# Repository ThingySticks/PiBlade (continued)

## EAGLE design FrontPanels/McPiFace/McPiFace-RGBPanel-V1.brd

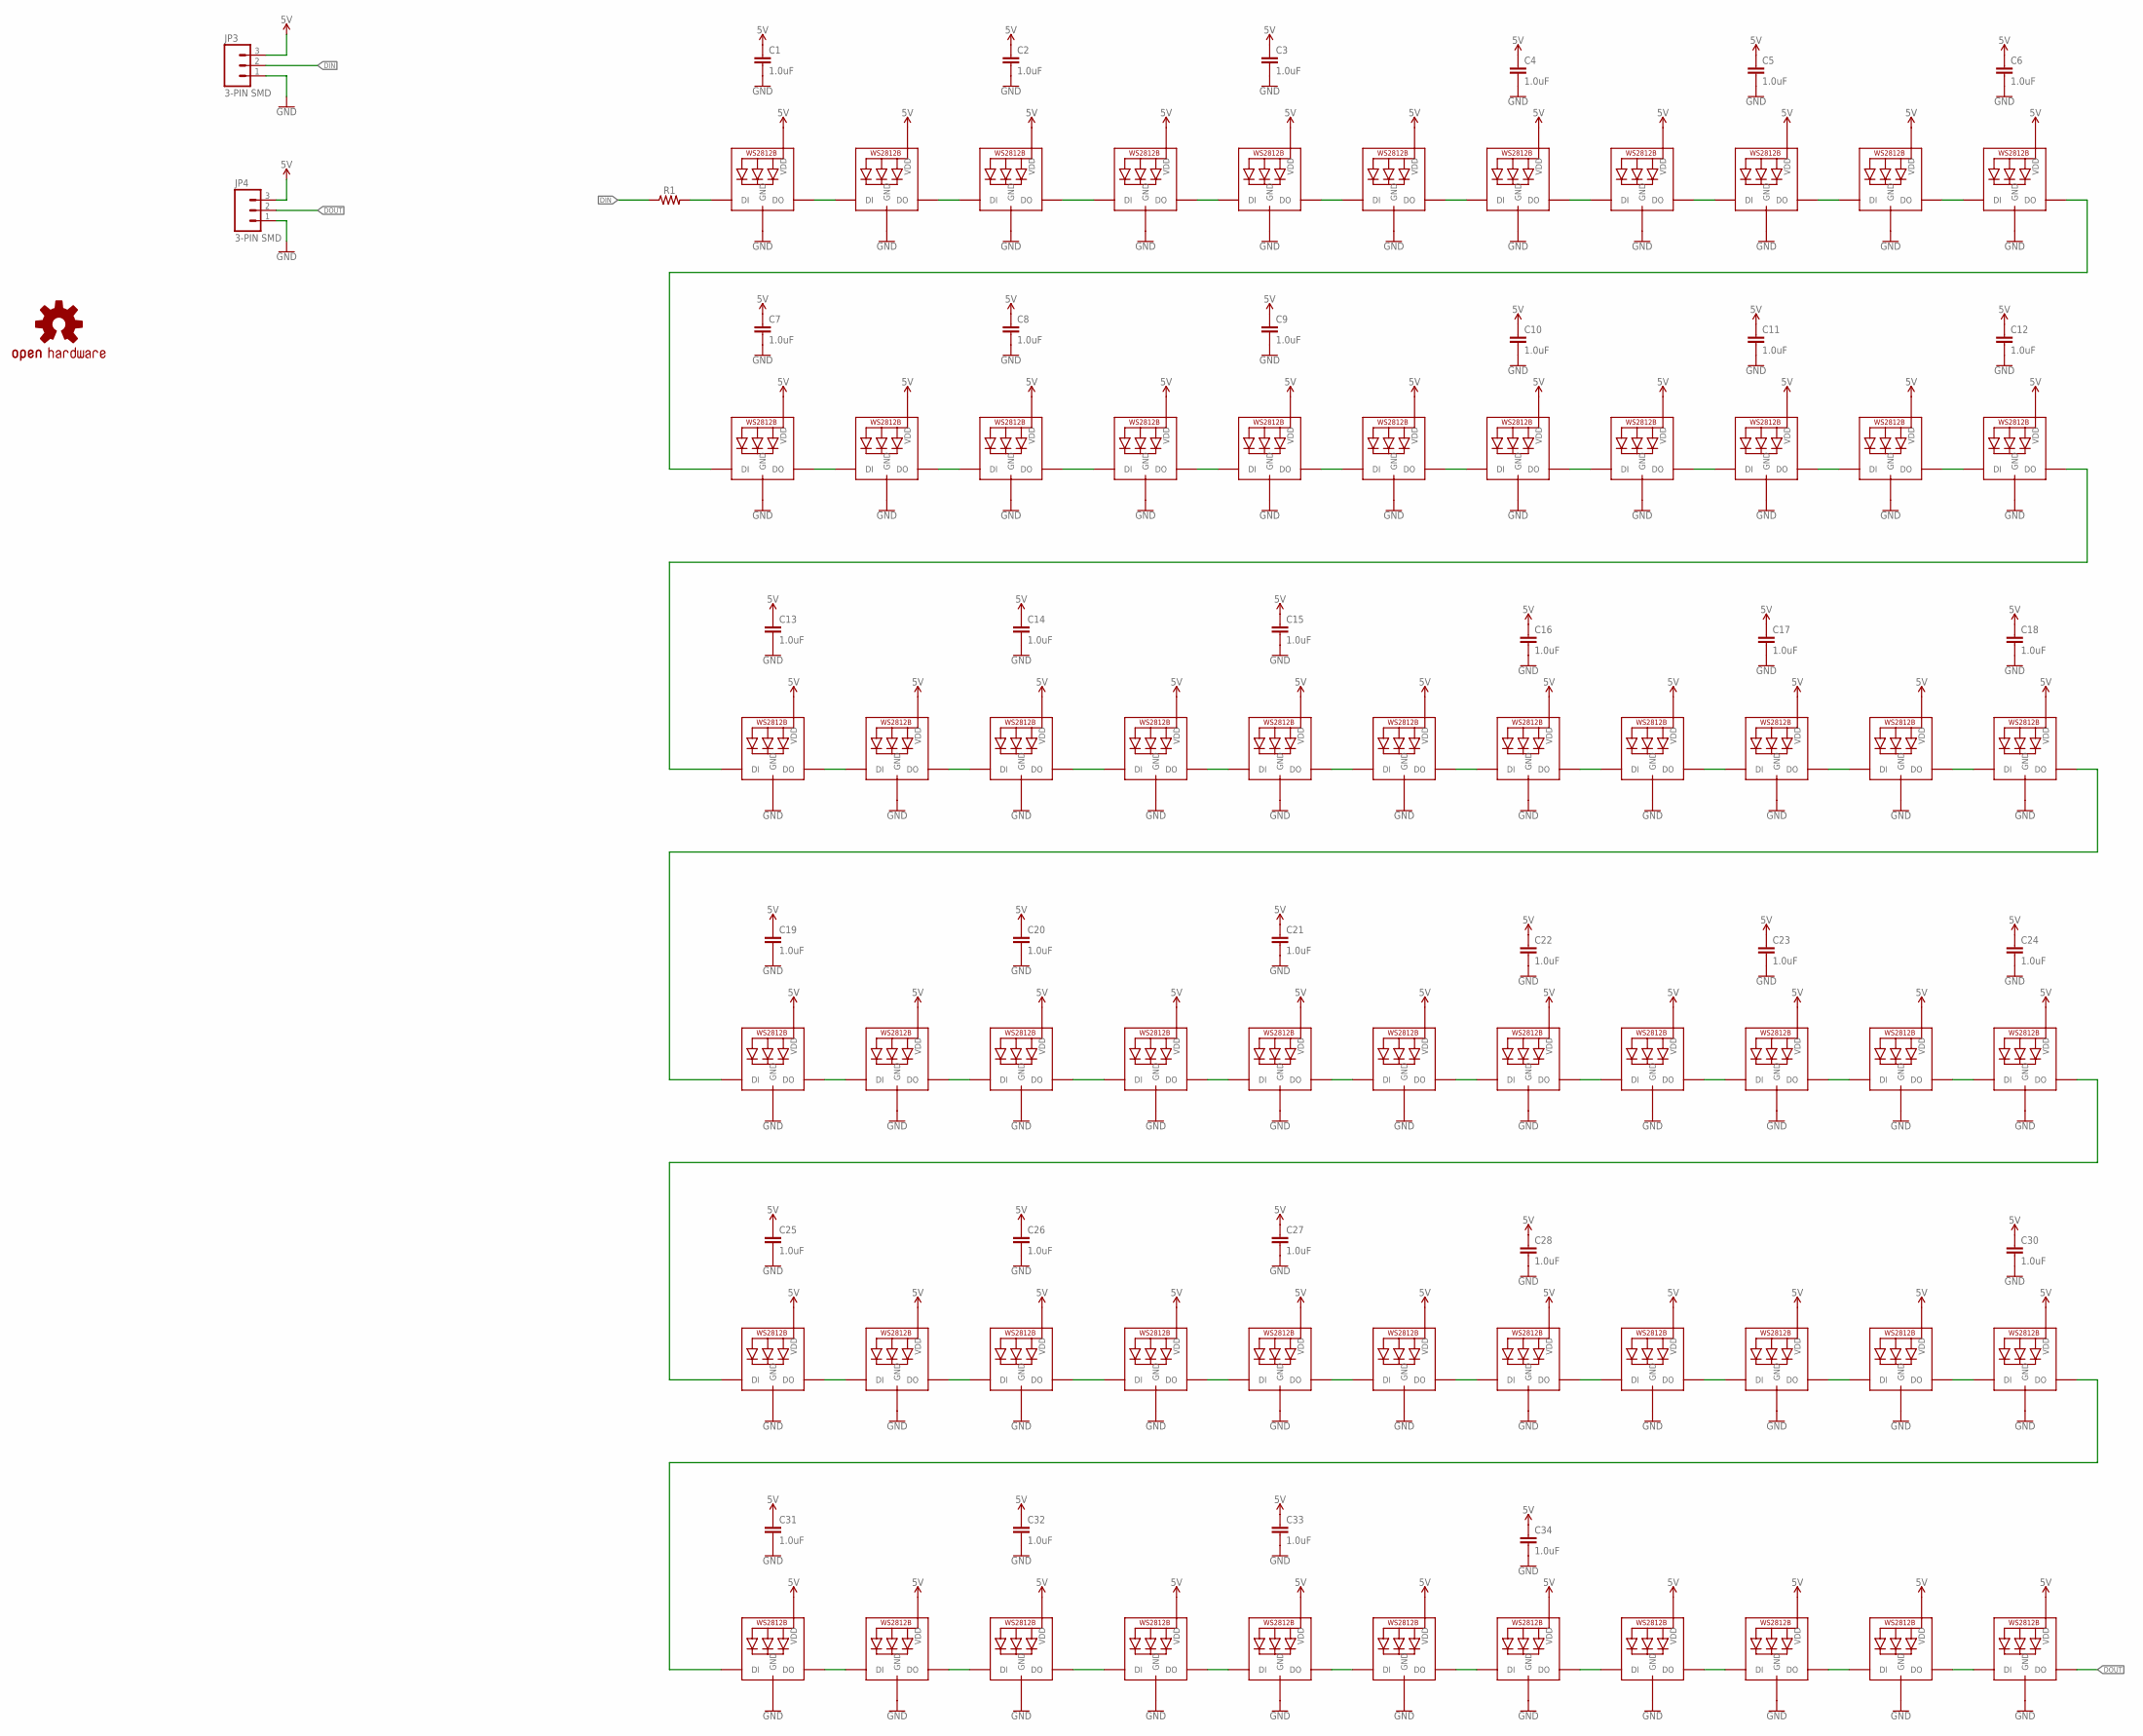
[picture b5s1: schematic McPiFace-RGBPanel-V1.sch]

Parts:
C1, C2, C3, C4, C5, C6, C7, C8, C9, C10, C11, C12, C13, C14, C15, C16, C17, C18, C19, C20, C21, C22, C23, C24, C25, C26, C27, C28, C30, C31, C32, C33, C34: 1.0uF; 0805-CAP
JP3, JP4: 3-PIN SMD; JST-3-SMD
LED1, LED2, LED3, LED4, LED5, LED6, LED7, LED8, LED9, LED10, LED11, LED12, LED13, LED14, LED15, LED16, LED17, LED18, LED19, LED20, LED21, LED22, LED23, LED24, LED25, LED26, LED27, LED28, LED29, LED30, LED31, LED32, LED33, LED34, LED35, LED36, LED37, LED38, LED39, LED40, LED41, LED42, LED43, LED44, LED45, LED46, LED47, LED48, LED49, LED50, LED51, LED52, LED53, LED54, LED55, LED56, LED57, LED58, LED59, LED60, LED61, LED62, LED63, LED64, LED65, LED66: WS2812B5050; WS2812B
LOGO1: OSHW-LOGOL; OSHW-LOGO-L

* * * * * * * * *

Problem details: Return, from the data, each line where the string "RGBPanel" occurs.

Written response:
## EAGLE design FrontPanels/McPiFace/McPiFace-RGBPanel-V1.brd
[picture b5s1: schematic McPiFace-RGBPanel-V1.sch]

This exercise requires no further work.